Infelizmente, acho que uma boa parte do mundo não entende isso. Festa não é festa, é investimento. A cultura, o teatro, o cinema é a identidade de um povo e é uma máquina. Com as dificuldades, o salário baixo, as coisas aumentando, tem de ser alegre.
Continua muito envolvido no Rock in Rio, como no primeiro dia?
Eu trabalho muito antes! O namoro é melhor do que o casamento, na minha opinião! (risos) A gente fica namorando a ideia, muito antes do dia da comemoração, de abrir o portão, a gente está discutindo a banda, se é bom, se não é bom. Eu estimulo muito a conversa antes do evento, porque acho que agente vive essa experiência toda. O teatro e o cinema têm uma tarefa a cumprir. Num momento de crise, como esse fica mais importante ainda!
Vemos entrar pela porta famílias inteiras, muitas nacionalidades, o que lhe diz a moldura humana deste festival?

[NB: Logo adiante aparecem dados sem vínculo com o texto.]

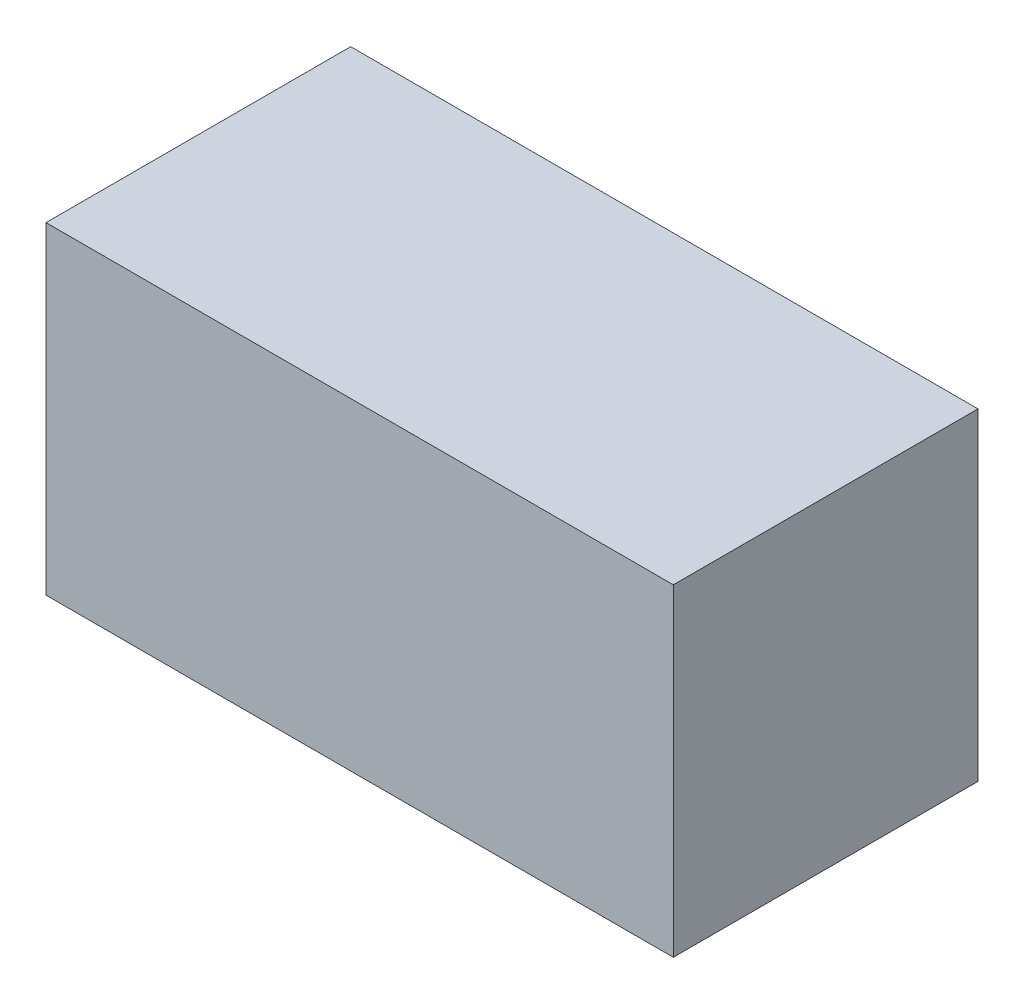
ISO-10303-21;
HEADER;
FILE_DESCRIPTION(('STEP AP214'),'2;1');
FILE_NAME('part.step','',(''),(''),'','','');
FILE_SCHEMA(('AUTOMOTIVE_DESIGN { 1 0 10303 214 1 1 1 1 }'));
ENDSEC;
DATA;
#1=APPLICATION_CONTEXT('core data for automotive mechanical design processes');
#2=APPLICATION_PROTOCOL_DEFINITION('international standard','automotive_design',2000,#1);
#3=PRODUCT_CONTEXT('',#1,'mechanical');
#4=PRODUCT('Part','Part','',(#3));
#5=PRODUCT_RELATED_PRODUCT_CATEGORY('part','',(#4));
#6=PRODUCT_DEFINITION_FORMATION('','',#4);
#7=PRODUCT_DEFINITION_CONTEXT('part definition',#1,'design');
#8=PRODUCT_DEFINITION('design','',#6,#7);
#9=PRODUCT_DEFINITION_SHAPE('','',#8);
#10=(LENGTH_UNIT() NAMED_UNIT(*) SI_UNIT(.MILLI.,.METRE.));
#11=(NAMED_UNIT(*) PLANE_ANGLE_UNIT() SI_UNIT($,.RADIAN.));
#12=(NAMED_UNIT(*) SI_UNIT($,.STERADIAN.) SOLID_ANGLE_UNIT());
#13=UNCERTAINTY_MEASURE_WITH_UNIT(LENGTH_MEASURE(1.E-05),#10,'distance_accuracy_value','');
#14=(GEOMETRIC_REPRESENTATION_CONTEXT(3) GLOBAL_UNCERTAINTY_ASSIGNED_CONTEXT((#13)) GLOBAL_UNIT_ASSIGNED_CONTEXT((#10,
#11,#12)) REPRESENTATION_CONTEXT('',''));
#15=CARTESIAN_POINT('',(0.,0.,0.));
#16=DIRECTION('',(0.,0.,1.));
#17=DIRECTION('',(1.,0.,0.));
#18=AXIS2_PLACEMENT_3D('',#15,#16,#17);
#19=CARTESIAN_POINT('',(35.,-18.,34.));
#20=DIRECTION('',(-1.,0.,0.));
#21=DIRECTION('',(0.,0.,1.));
#22=AXIS2_PLACEMENT_3D('',#19,#20,#21);
#23=PLANE('',#22);
#24=DIRECTION('',(0.,1.,0.));
#25=VECTOR('',#24,1.);
#26=CARTESIAN_POINT('',(35.,-18.,0.));
#27=LINE('',#26,#25);
#28=CARTESIAN_POINT('',(35.,-18.,0.));
#29=VERTEX_POINT('',#28);
#30=CARTESIAN_POINT('',(35.,18.,0.));
#31=VERTEX_POINT('',#30);
#32=EDGE_CURVE('E102',#29,#31,#27,.T.);
#33=ORIENTED_EDGE('',*,*,#32,.T.);
#34=DIRECTION('',(0.,0.,-1.));
#35=VECTOR('',#34,1.);
#36=CARTESIAN_POINT('',(35.,18.,34.));
#37=LINE('',#36,#35);
#38=CARTESIAN_POINT('',(35.,18.,34.));
#39=VERTEX_POINT('',#38);
#40=EDGE_CURVE('E11',#39,#31,#37,.T.);
#41=ORIENTED_EDGE('',*,*,#40,.F.);
#42=DIRECTION('',(0.,1.,0.));
#43=VECTOR('',#42,1.);
#44=CARTESIAN_POINT('',(35.,-18.,34.));
#45=LINE('',#44,#43);
#46=CARTESIAN_POINT('',(35.,-18.,34.));
#47=VERTEX_POINT('',#46);
#48=EDGE_CURVE('E95',#47,#39,#45,.T.);
#49=ORIENTED_EDGE('',*,*,#48,.F.);
#50=DIRECTION('',(0.,0.,-1.));
#51=VECTOR('',#50,1.);
#52=CARTESIAN_POINT('',(35.,-18.,34.));
#53=LINE('',#52,#51);
#54=EDGE_CURVE('E99',#47,#29,#53,.T.);
#55=ORIENTED_EDGE('',*,*,#54,.T.);
#56=EDGE_LOOP('',(#33,#41,#49,#55));
#57=FACE_BOUND('',#56,.T.);
#58=ADVANCED_FACE('F41',(#57),#23,.F.);
#59=CARTESIAN_POINT('',(-35.,18.,34.));
#60=DIRECTION('',(0.,-1.,0.));
#61=DIRECTION('',(0.,0.,-1.));
#62=AXIS2_PLACEMENT_3D('',#59,#60,#61);
#63=PLANE('',#62);
#64=DIRECTION('',(-1.,0.,0.));
#65=VECTOR('',#64,1.);
#66=CARTESIAN_POINT('',(-35.,18.,0.));
#67=LINE('',#66,#65);
#68=CARTESIAN_POINT('',(-35.,18.,0.));
#69=VERTEX_POINT('',#68);
#70=EDGE_CURVE('E96',#31,#69,#67,.T.);
#71=ORIENTED_EDGE('',*,*,#70,.T.);
#72=DIRECTION('',(0.,0.,-1.));
#73=VECTOR('',#72,1.);
#74=CARTESIAN_POINT('',(-35.,18.,34.));
#75=LINE('',#74,#73);
#76=CARTESIAN_POINT('',(-35.,18.,34.));
#77=VERTEX_POINT('',#76);
#78=EDGE_CURVE('E47',#77,#69,#75,.T.);
#79=ORIENTED_EDGE('',*,*,#78,.F.);
#80=DIRECTION('',(-1.,0.,0.));
#81=VECTOR('',#80,1.);
#82=CARTESIAN_POINT('',(-35.,18.,34.));
#83=LINE('',#82,#81);
#84=EDGE_CURVE('E87',#39,#77,#83,.T.);
#85=ORIENTED_EDGE('',*,*,#84,.F.);
#86=ORIENTED_EDGE('',*,*,#40,.T.);
#87=EDGE_LOOP('',(#71,#79,#85,#86));
#88=FACE_BOUND('',#87,.T.);
#89=ADVANCED_FACE('F92',(#88),#63,.F.);
#90=CARTESIAN_POINT('',(-35.,-18.,34.));
#91=DIRECTION('',(1.,0.,0.));
#92=DIRECTION('',(0.,0.,-1.));
#93=AXIS2_PLACEMENT_3D('',#90,#91,#92);
#94=PLANE('',#93);
#95=DIRECTION('',(0.,-1.,0.));
#96=VECTOR('',#95,1.);
#97=CARTESIAN_POINT('',(-35.,-18.,0.));
#98=LINE('',#97,#96);
#99=CARTESIAN_POINT('',(-35.,-18.,0.));
#100=VERTEX_POINT('',#99);
#101=EDGE_CURVE('E74',#69,#100,#98,.T.);
#102=ORIENTED_EDGE('',*,*,#101,.T.);
#103=DIRECTION('',(0.,0.,-1.));
#104=VECTOR('',#103,1.);
#105=CARTESIAN_POINT('',(-35.,-18.,34.));
#106=LINE('',#105,#104);
#107=CARTESIAN_POINT('',(-35.,-18.,34.));
#108=VERTEX_POINT('',#107);
#109=EDGE_CURVE('E100',#108,#100,#106,.T.);
#110=ORIENTED_EDGE('',*,*,#109,.F.);
#111=DIRECTION('',(0.,-1.,0.));
#112=VECTOR('',#111,1.);
#113=CARTESIAN_POINT('',(-35.,-18.,34.));
#114=LINE('',#113,#112);
#115=EDGE_CURVE('E89',#77,#108,#114,.T.);
#116=ORIENTED_EDGE('',*,*,#115,.F.);
#117=ORIENTED_EDGE('',*,*,#78,.T.);
#118=EDGE_LOOP('',(#102,#110,#116,#117));
#119=FACE_BOUND('',#118,.T.);
#120=ADVANCED_FACE('F98',(#119),#94,.F.);
#121=CARTESIAN_POINT('',(-35.,-18.,34.));
#122=DIRECTION('',(0.,1.,0.));
#123=DIRECTION('',(0.,0.,1.));
#124=AXIS2_PLACEMENT_3D('',#121,#122,#123);
#125=PLANE('',#124);
#126=DIRECTION('',(1.,0.,0.));
#127=VECTOR('',#126,1.);
#128=CARTESIAN_POINT('',(-35.,-18.,0.));
#129=LINE('',#128,#127);
#130=EDGE_CURVE('E76',#100,#29,#129,.T.);
#131=ORIENTED_EDGE('',*,*,#130,.T.);
#132=ORIENTED_EDGE('',*,*,#54,.F.);
#133=DIRECTION('',(1.,0.,0.));
#134=VECTOR('',#133,1.);
#135=CARTESIAN_POINT('',(-35.,-18.,34.));
#136=LINE('',#135,#134);
#137=EDGE_CURVE('E60',#108,#47,#136,.T.);
#138=ORIENTED_EDGE('',*,*,#137,.F.);
#139=ORIENTED_EDGE('',*,*,#109,.T.);
#140=EDGE_LOOP('',(#131,#132,#138,#139));
#141=FACE_BOUND('',#140,.T.);
#142=ADVANCED_FACE('F112',(#141),#125,.F.);
#143=CARTESIAN_POINT('',(0.,0.,34.));
#144=DIRECTION('',(0.,0.,-1.));
#145=DIRECTION('',(-1.,0.,0.));
#146=AXIS2_PLACEMENT_3D('',#143,#144,#145);
#147=PLANE('',#146);
#148=ORIENTED_EDGE('',*,*,#48,.T.);
#149=ORIENTED_EDGE('',*,*,#84,.T.);
#150=ORIENTED_EDGE('',*,*,#115,.T.);
#151=ORIENTED_EDGE('',*,*,#137,.T.);
#152=EDGE_LOOP('',(#148,#149,#150,#151));
#153=FACE_BOUND('',#152,.T.);
#154=ADVANCED_FACE('F86',(#153),#147,.F.);
#155=CARTESIAN_POINT('',(0.,0.,0.));
#156=DIRECTION('',(0.,0.,-1.));
#157=DIRECTION('',(-1.,0.,0.));
#158=AXIS2_PLACEMENT_3D('',#155,#156,#157);
#159=PLANE('',#158);
#160=ORIENTED_EDGE('',*,*,#32,.F.);
#161=ORIENTED_EDGE('',*,*,#130,.F.);
#162=ORIENTED_EDGE('',*,*,#101,.F.);
#163=ORIENTED_EDGE('',*,*,#70,.F.);
#164=EDGE_LOOP('',(#160,#161,#162,#163));
#165=FACE_BOUND('',#164,.T.);
#166=ADVANCED_FACE('F111',(#165),#159,.T.);
#167=CLOSED_SHELL('',(#58,#89,#120,#142,#154,#166));
#168=MANIFOLD_SOLID_BREP('B2',#167);
#169=ADVANCED_BREP_SHAPE_REPRESENTATION('',(#18,#168),#14);
#170=SHAPE_DEFINITION_REPRESENTATION(#9,#169);
ENDSEC;
END-ISO-10303-21;

Quando sonhei isso há 38 anos atrás, eu queria fazer uma coisa jovem, mas que fosse da família. Hoje a primeira pessoa que entrou era uma senhora de 70 anos, rindo, brincando. Você vê as crianças com os pais, e isso é único no mundo! A família está ali, as pessoas sentem-se seguras, e porquê? Porque a gente luta por cada detalhe. A gente quer cada coisa bem feita e cuidada. Ontem mesmo quando cheguei, a minha filha perguntou se tinha visto algo que não gostasse, e eu disse, vi as bandeiras quando você sai do aeroporto que estão velhas. Essas flores penduradas, sou eu! Eu fico atrás disso, no detalhe, não é gastar à toa. A pessoa pode não ver, mas sentem. As pessoas sentem esse cuidado que têm com elas.
Para quem ainda não comprou bilhete para esta edição, o que pode dizer?
Eu acho que as pessoas vão amar estar aqui! Vem porque é hora de abraçar! A hora é essa, não fica esperando. É hora da gente se encontrar. São duas festas, a que tem no palco e a das pessoas aqui.